“‘I should think so, certainly,’ I replied. ‘But if he can not do so then, he can in a short time, anyhow.’
“‘Wal, I will think on it. He wants to come back bad enough, and I guess I’ll have to let him. I never thought of it that way afore.’
“I knew I was safe. It was the financial question that troubled the old gentleman, and I knew that would be overcome when Henry got to teaching, and could earn his money himself. He would then be so far along, too, that he could fight his own battles. He came all right the next fall; and, after finishing at Hiram, graduated at an Eastern college.”
“The other man I spoke of was a different case. I knew that this youth was going to leave mainly for financial reasons also, but I understood his father well enough to know that the matter must be managed with exceeding delicacy. He was a man of very strong religious convictions, and I thought he might be approached from that side of his character; so when I got the letter of the son telling me, in the saddest language that he could muster, that he could not come back to school any more, but must be content to be simply a farmer, much as it was against his inclination, I revolved the matter in my mind, and decided to send an appointment to preach in the little country church where the old gentleman attended. I took for a subject the parable of the talents, and, in the course of my discourse, dwelt specially upon the fact that children were the talents which had been intrusted to parents, and, if these talents were not increased and developed, there was a fearful trust neglected. After church, I called upon the parents of the boy I was besieging, and I saw that something was weighing upon their minds. At length the subject of the discourse was taken up and gone over again, and, in due course, the young man himself was discussed, and I gave my opinion that he should, by all means, be encouraged and assisted in taking a thorough course of study. I gave my opinion that there was nothing more important to the parent than to do all in his power for the child. The next term the young man again appeared upon Hiram Hill, and remained pretty continuously till graduation.”
One relic of his famous debates at this time, on the subject of Christianity, still exists in a letter written to President Hinsdale, which we give:
“Hiram, January 10, 1859.
“The Sunday after the debate I spoke in Solon on ‘Geology and Religion,’ and had an immense audience. Many Spiritualists were out.... The reports I hear from the debate are much more decisive than I expected to hear. I received a letter from Bro. Collins, of Chagrin, in which he says: ‘Since the smoke of the battle has partially cleared away, we begin to see more clearly the victory we have gained.’ I have yet to see the first man who claims that Denton explains his position; but they are all jubilant over his attack on the Bible. What you suggest ought to be done I am about to undertake. I go there next Friday or Saturday evening, and remain over Sunday. I am bound to carry the war into Carthage, and pursue that miserable atheism to its hole.

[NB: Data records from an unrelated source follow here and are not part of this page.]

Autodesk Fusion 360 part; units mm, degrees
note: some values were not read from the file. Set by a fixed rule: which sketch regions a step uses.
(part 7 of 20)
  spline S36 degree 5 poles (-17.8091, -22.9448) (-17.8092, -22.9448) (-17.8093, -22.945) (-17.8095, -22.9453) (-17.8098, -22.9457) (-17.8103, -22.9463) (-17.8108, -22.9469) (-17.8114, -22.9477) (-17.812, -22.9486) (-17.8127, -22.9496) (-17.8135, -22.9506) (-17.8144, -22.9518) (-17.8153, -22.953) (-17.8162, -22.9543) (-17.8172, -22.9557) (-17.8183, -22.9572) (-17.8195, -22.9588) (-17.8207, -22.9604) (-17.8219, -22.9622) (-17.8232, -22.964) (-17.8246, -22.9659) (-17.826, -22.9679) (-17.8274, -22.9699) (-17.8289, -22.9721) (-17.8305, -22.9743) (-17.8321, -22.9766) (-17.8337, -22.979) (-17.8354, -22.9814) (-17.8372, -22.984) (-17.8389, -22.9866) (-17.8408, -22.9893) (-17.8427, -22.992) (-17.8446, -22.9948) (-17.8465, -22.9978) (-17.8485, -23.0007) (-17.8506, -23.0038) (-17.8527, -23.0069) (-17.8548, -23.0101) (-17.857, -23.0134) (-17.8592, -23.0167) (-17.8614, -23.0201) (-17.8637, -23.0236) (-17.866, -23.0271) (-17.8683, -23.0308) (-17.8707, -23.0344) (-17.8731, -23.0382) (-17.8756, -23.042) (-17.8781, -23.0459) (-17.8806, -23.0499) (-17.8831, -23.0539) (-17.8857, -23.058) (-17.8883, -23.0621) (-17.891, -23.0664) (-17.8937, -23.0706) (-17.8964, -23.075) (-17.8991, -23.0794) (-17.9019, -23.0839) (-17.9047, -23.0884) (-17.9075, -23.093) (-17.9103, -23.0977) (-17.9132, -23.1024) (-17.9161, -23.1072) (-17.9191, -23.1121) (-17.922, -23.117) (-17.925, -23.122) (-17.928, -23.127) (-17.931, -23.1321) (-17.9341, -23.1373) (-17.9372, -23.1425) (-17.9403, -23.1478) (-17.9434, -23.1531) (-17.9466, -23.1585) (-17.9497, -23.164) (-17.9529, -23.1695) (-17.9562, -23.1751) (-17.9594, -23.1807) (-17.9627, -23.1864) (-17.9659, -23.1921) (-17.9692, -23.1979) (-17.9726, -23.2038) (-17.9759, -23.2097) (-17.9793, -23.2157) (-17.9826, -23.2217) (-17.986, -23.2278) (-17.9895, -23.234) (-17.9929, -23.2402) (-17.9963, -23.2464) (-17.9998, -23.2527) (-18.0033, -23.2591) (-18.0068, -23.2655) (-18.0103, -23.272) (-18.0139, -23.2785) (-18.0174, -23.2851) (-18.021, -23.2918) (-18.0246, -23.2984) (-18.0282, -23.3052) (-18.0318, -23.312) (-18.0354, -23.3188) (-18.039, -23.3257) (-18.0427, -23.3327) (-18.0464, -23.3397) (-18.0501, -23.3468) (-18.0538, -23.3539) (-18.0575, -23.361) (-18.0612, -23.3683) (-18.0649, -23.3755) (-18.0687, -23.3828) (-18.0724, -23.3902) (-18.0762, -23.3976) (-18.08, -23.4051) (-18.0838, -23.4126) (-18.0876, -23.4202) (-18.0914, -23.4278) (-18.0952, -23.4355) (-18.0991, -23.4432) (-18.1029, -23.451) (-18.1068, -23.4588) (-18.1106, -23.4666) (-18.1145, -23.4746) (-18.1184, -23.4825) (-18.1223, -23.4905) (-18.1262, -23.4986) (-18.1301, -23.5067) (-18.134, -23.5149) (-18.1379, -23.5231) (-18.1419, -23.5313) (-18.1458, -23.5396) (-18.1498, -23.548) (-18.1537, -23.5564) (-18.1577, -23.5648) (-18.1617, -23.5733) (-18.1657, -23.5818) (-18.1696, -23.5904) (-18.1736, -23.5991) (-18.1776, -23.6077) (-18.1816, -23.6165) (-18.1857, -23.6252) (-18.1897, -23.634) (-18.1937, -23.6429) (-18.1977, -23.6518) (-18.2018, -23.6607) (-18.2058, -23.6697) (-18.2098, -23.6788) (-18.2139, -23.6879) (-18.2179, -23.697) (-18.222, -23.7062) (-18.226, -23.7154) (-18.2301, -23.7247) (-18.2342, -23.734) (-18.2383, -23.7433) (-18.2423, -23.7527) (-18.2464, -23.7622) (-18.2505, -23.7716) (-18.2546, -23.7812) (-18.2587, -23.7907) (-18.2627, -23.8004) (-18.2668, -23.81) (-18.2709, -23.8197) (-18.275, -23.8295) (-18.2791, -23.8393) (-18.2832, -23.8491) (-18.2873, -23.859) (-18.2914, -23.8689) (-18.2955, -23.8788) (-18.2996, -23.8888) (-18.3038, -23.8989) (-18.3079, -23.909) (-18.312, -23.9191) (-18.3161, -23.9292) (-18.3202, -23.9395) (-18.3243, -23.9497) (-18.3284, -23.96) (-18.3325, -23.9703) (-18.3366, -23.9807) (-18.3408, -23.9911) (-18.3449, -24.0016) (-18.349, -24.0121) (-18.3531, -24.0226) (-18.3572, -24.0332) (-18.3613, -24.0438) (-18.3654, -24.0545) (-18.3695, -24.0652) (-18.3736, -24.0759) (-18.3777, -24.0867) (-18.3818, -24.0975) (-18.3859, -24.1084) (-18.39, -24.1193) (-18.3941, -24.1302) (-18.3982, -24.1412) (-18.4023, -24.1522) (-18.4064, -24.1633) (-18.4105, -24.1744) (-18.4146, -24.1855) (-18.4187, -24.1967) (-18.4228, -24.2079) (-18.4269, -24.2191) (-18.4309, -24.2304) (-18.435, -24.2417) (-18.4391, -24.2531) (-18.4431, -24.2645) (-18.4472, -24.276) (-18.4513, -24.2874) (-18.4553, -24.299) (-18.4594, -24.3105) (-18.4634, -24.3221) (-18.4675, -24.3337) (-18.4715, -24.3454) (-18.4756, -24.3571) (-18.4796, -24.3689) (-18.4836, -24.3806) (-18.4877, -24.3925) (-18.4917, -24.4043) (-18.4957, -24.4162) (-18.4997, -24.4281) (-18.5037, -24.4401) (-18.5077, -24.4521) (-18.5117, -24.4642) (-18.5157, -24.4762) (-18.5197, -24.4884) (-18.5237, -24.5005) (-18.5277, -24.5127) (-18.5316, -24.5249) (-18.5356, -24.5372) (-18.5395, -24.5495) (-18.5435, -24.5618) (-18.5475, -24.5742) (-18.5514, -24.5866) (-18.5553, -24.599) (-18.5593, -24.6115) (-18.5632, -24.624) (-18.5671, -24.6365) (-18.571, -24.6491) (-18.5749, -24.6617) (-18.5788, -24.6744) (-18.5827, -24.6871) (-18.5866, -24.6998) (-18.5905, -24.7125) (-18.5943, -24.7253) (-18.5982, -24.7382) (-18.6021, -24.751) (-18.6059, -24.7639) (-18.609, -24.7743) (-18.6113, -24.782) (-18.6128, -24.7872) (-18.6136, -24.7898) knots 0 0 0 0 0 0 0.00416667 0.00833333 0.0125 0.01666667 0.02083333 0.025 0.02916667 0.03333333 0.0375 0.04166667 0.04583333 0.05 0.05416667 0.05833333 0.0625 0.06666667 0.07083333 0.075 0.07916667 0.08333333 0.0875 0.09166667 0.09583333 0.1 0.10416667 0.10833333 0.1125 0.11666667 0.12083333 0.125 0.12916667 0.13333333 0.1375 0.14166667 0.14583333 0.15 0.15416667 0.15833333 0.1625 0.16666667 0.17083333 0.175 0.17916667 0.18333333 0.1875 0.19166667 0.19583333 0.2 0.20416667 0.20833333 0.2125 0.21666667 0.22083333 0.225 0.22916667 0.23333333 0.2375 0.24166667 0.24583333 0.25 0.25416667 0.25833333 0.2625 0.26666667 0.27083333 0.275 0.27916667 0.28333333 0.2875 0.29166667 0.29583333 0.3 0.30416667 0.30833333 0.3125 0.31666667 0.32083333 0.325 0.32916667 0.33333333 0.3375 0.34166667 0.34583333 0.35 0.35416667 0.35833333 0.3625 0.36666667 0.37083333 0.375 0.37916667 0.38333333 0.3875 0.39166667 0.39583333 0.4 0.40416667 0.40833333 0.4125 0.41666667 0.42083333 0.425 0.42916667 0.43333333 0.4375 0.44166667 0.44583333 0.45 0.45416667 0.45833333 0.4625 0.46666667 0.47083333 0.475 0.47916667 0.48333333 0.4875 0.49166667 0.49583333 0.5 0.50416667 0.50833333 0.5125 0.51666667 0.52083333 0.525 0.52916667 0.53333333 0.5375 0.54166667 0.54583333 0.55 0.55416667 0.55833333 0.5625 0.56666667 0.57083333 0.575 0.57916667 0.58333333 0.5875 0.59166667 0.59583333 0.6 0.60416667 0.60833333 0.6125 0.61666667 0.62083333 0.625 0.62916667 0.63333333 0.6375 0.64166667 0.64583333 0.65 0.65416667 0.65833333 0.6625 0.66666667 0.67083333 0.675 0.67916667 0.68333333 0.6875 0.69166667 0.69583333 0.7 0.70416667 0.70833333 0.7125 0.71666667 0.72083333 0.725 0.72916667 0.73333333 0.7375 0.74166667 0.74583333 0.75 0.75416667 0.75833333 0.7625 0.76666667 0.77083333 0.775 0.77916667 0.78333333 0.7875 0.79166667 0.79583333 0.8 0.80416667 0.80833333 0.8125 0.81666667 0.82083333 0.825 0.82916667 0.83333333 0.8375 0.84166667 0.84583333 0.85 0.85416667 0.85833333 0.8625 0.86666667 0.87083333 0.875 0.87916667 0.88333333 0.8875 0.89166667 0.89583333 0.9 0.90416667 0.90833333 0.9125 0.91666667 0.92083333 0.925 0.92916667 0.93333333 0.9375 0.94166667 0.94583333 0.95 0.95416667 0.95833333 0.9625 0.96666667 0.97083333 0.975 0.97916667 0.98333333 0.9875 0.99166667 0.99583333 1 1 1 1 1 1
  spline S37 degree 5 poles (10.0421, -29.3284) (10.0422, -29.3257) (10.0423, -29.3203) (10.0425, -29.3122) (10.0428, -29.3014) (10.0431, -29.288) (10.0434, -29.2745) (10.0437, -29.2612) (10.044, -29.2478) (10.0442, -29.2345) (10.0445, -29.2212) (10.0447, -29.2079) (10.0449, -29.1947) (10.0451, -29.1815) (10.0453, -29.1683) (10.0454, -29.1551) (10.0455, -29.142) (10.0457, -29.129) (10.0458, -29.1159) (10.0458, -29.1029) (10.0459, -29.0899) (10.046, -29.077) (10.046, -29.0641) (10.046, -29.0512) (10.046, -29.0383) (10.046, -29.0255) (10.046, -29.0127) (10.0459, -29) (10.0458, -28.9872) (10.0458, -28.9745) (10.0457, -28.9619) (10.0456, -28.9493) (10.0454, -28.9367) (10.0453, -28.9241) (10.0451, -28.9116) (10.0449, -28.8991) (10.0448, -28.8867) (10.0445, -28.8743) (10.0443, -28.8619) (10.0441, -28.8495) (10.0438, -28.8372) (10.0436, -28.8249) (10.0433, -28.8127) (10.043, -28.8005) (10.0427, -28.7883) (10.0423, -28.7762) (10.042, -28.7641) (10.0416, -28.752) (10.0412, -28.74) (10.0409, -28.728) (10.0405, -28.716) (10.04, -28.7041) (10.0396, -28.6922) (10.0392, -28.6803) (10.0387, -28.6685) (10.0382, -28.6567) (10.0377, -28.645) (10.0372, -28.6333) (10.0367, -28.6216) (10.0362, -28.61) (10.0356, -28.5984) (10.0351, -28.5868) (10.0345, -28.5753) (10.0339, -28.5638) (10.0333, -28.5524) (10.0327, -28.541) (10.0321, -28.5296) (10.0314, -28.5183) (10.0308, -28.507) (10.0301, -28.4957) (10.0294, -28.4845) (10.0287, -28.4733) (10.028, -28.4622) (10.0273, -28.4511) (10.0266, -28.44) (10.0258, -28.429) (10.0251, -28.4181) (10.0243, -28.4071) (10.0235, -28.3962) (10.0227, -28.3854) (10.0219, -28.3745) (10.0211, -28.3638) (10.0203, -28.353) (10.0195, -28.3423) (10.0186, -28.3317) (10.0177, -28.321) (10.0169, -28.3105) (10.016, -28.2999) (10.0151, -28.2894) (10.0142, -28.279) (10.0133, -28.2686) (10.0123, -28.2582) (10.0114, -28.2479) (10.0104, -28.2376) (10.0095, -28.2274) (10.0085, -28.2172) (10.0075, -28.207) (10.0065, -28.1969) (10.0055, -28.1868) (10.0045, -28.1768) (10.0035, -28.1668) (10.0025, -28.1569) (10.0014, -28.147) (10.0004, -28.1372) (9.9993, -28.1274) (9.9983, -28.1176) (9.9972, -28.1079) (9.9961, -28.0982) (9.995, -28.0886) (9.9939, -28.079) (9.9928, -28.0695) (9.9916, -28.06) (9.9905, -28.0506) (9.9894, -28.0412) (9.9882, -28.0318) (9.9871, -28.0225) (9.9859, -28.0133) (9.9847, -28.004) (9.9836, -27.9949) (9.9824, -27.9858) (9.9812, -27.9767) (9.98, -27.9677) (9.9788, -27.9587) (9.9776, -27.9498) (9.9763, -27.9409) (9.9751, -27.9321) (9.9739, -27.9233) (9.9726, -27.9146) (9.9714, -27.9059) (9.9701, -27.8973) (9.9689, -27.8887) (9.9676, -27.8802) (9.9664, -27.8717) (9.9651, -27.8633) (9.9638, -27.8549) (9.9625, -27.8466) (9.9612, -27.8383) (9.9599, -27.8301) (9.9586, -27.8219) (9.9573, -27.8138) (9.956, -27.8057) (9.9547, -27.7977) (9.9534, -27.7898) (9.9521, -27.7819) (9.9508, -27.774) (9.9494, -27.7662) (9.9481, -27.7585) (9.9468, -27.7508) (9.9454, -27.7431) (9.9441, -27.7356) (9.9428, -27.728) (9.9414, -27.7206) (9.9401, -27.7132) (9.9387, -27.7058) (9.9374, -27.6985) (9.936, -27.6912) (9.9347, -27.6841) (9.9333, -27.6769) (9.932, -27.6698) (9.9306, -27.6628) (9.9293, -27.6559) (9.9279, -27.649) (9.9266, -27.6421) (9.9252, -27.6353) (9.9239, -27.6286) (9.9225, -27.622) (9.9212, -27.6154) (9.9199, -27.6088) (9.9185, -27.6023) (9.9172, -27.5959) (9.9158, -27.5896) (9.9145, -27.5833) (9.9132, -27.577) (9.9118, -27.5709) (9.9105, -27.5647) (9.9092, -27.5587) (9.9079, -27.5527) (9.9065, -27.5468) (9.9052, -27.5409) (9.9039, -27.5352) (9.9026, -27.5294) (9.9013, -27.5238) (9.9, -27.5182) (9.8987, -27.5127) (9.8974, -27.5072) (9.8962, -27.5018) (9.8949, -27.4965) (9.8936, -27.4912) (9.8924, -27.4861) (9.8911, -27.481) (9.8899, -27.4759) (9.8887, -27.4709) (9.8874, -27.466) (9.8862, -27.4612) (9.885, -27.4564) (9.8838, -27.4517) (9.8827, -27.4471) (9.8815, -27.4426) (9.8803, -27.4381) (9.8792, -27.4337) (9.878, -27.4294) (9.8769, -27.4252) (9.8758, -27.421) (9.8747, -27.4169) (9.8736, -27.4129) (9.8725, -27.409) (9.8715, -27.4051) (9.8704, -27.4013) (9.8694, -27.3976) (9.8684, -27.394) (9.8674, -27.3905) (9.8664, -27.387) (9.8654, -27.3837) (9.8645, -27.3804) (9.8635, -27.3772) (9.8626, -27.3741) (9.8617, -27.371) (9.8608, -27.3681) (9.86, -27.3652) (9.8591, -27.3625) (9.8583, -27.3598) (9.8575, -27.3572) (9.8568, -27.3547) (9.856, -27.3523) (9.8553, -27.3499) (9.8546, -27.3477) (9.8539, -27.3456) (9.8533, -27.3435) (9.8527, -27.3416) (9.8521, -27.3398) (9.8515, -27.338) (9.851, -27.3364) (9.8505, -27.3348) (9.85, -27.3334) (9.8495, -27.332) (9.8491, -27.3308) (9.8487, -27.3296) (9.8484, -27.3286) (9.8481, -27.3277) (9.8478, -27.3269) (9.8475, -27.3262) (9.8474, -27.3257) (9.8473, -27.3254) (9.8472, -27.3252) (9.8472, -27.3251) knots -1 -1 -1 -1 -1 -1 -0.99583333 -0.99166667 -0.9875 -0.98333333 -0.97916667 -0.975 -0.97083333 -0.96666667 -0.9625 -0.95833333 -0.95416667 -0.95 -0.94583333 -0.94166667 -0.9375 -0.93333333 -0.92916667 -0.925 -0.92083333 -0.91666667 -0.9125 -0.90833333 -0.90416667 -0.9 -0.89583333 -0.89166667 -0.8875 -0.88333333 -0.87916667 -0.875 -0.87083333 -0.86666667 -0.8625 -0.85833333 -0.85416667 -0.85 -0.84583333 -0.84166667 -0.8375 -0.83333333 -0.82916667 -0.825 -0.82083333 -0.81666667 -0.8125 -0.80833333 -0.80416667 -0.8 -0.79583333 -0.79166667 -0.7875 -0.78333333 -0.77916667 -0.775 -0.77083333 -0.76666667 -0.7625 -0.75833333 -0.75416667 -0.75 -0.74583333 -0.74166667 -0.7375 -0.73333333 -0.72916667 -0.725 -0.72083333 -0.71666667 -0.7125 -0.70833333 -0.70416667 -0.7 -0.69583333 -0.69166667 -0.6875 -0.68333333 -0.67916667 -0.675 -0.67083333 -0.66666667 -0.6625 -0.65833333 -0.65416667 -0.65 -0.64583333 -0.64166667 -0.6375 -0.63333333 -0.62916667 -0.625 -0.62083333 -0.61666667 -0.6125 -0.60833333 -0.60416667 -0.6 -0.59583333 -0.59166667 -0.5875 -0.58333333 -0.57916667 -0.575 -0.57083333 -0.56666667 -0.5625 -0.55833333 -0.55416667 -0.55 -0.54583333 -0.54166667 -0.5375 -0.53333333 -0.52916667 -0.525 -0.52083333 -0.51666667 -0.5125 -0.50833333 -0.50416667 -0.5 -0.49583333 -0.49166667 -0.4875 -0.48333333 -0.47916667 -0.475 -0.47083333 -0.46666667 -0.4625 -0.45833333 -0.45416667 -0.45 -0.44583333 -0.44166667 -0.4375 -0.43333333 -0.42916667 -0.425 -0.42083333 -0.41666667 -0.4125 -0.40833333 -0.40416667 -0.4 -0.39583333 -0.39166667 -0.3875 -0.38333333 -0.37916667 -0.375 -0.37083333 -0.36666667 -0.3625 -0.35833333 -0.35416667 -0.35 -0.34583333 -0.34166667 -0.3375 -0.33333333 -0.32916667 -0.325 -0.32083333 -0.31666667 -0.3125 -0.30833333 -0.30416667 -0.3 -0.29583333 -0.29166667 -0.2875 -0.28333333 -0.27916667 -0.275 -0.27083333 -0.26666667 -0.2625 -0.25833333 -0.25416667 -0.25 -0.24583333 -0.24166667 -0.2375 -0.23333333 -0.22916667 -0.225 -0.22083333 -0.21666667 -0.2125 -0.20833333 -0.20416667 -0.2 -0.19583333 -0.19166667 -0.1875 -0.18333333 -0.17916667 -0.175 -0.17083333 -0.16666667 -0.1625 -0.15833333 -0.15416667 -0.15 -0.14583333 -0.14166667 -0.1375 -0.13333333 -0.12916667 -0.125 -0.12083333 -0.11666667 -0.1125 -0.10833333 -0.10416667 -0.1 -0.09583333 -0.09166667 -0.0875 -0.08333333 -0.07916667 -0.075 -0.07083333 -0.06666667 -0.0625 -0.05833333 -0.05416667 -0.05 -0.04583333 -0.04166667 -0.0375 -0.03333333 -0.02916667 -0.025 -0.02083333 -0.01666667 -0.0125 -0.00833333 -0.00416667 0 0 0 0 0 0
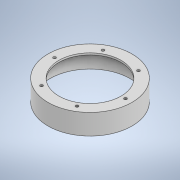
# Autodesk Inventor part: Diffuser_Top_Cover
Saved by Autodesk Inventor 2020 (Build 240168000, 168)
## iProperties
Created: 2021-04-25
Part Number: Diffuser_Top_Cover
Material: Generic
Document SubType Name: Modeling
Designer: Workshop
Density: 1 g/cm^3
Appearance: Default
Author: Workshop
Autodesk Inventor part; units mm, degrees
ref_plane "YZ Plane" through (0, 0, 0) normal (1, 0, 0) x (0, 1, 0)
ref_plane "XZ Plane" through (0, 0, 0) normal (0, 1, 0) x (-1, 0, 0)
ref_plane "XY Plane" through (0, 0, 0) normal (0, 0, 1) x (1, 0, 0)
sketch "Sketch1" plane through (0, 0, 0) normal (0, 0, 1) x (1, 0, 0)
  line L0 (0, 34.15) -> (-2, 34.15)
  line L1 (-2, 34.15) -> (-2, 46.15)
  line L2 (-2, 46.15) -> (20.5, 46.15)
  line L3 (20.5, 46.15) -> (20.5, 44.15)
  line L4 (20.5, 44.15) -> (0, 44.15)
  line L5 (0, 44.15) -> (0, 34.15)
  line L6 (-6.5, 0) -> (25, 0) projected
  point P0 (0, 0)
  dimension "d0" = 22.5
  dimension "d1" = 12
  dimension "d2" = 2
  dimension "d3" = 44.15
  dimension "d4" = 2
  constraints: 12 end point, 5 perpendicular, 1 horizontal, 1 vertical alignment
  measures "d0" distance of L1.end L2.end
  measures "d1" distance of L0.end L1.end
  measures "d2" distance of L2.end L3.end
  measures "d3" distance from line of point (0, 0) L4
  measures "d4" distance of L0.start L0.end
revolve "Revolution1" add sketch "Sketch1" angle 360 about axis through (-10, 0, 0) along (1, 0, 0)
sketch "Sketch2" plane through (-2, 0, 0) normal (-1, 0, 0) x (0, 0, 1)
  circle A0 centre (0, 39) radius 1.5
  point P0 (0, 0)
  dimension "d6" = 3
  dimension "d7" = 39
  constraints: 1 centre point, 1 vertical alignment
  measures "d6" diameter of A0
  measures "d7" distance of point (0, 0) A0.centre
extrude "Extrusion1" cut sketch "Sketch2" against normal through all
pattern_circular "Circular Pattern1" count 6 over 360 about axis through (9.25, 0, 0) along (1, 0, 0) of "Extrusion1"
body "Solid1"
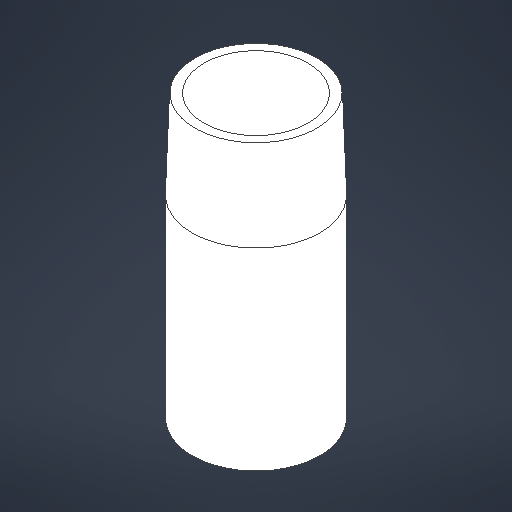
# Autodesk Inventor part: Pieza42
Saved by Autodesk Inventor 2026.2 (Build 302298000, 298)
## iProperties
Created: 2026-01-02
Part Number: Pieza42
Material: Genérico
Document SubType Name: Modeling
Designer: vicho
Density: 1 g/cm^3
Appearance: Valor por defecto
Author: vicho
Autodesk Inventor part; units mm, degrees
ref_plane "YZ Plane" through (0, 0, 0) normal (1, 0, 0) x (0, 1, 0)
ref_plane "XZ Plane" through (0, 0, 0) normal (0, 1, 0) x (-1, 0, 0)
ref_plane "XY Plane" through (0, 0, 0) normal (0, 0, 1) x (1, 0, 0)
sketch "Boceto1" plane through (0, 0, 0) normal (0, 0, 1) x (1, 0, 0)
  line L0 (0, 132.9544) -> (0, -187.2356) construction
  line L1 (-210.4029, 0) -> (220.8608, 0) construction
  line L2 (0, 47.5) -> (-20.5, 47.5)
  line L3 (0, -47.5) -> (-21.5, -47.5)
  line L4 (-21.5, -47.5) -> (-21.5, 65.7423) construction
  line L5 (-20.5, 47.5) -> (-21.5, 17.5)
  line L6 (-21.5, -47.5) -> (-21.5, 17.5)
  line L7 (0, 47.5) -> (0, -47.5)
  point P0 (0, 0)
  point P1 (-10.75, -47.5)
  point P2 (-10.25, 47.5)
  dimension "d0" = 20.5
  dimension "d1" = 21.5
  dimension "d2" = 95
  dimension "d3" = 30
  constraints: 16 end point, 5 point on line, 3 horizontal, 3 vertical, 2 midpoint, 1 collinear, 1 other
  measures "d0" distance of L2.end L2.start
  measures "d1" distance of L3.end L3.start
  measures "d2" vertical distance of point (-10.75, -47.5) point (-10.25, 47.5)
  measures "d3" distance from line of L5.end L2
revolve "Revolución1" add sketch "Boceto1" angle 360 about axis through (0, 132.9544, 0) along (0, -1, 0)
sketch "Boceto2" plane through (0, 47.5, 0) normal (0, 1, 0) x (1, 0, 0)
  circle A0 centre (0, 0) radius 17.5
  dimension "d5" = 35
  constraints: 1 centre point, 1 coincident
  measures "d5" diameter of A0
extrude "Extrusión1" cut sketch "Boceto2" against normal blind 150

“Bro. Collins says that a few Christians are quite unsettled because Denton said, and I admit, that the world has existed for millions of years. I am astonished at the ignorance of the masses on these subjects. Hugh Miller has it right when he says that ‘the battle of the evidences must now be fought on the field of the natural sciences.’”
In the year preceding the date which this letter bears, the sweet romance of his youth reached its fruition, in the marriage of Garfield to Lucretia Rudolph. During the years which of necessity elapsed since the first-whispered vows, on the eve of his departure to Williams, the loving, girlish heart had been true. They began life, “for better for worse,” in an humble cottage fronting on the waving green of the college campus. In their happy hearts rose no picture of another cottage, fronting on the ocean, where, in the distant years, what God had joined man was to put asunder. Well for them was it that God veiled the future from them.
But the enormous activities already enumerated of this man did not satisfy his unexhausted powers. The political opinions formed at college began to bear fruit. In those memorable years just preceding the outbreak of the Rebellion—the years “when the grasping power of slavery was seizing the virgin territories of the West, and dragging them into the den of eternal bondage;” the years of the underground railroad and of the fugitive slave law; of the overseer and the blood-hound; the years of John Brown’s heroic attempt to incite an insurrection of the slaves themselves, such as had swept every shackle from San Domingo; of his mockery trial, paralleled only by those of Socrates and Jesus, and of his awful martyrdom,—the genius of the man, whose history this is, was not asleep. The instincts of resistance to oppression, and of sympathy for the oppressed, which he inherited from his dauntless ancestry, began to stir within him. As the times became more and more stormy, his spirit rose with the emergency, and he threw his strength into political speeches. Already looked upon as the rising man of his portion of the State, it was natural that the people should turn to him for leadership. In 1859, he was nominated and elected to the State Senate, as member from Portage and Summit counties.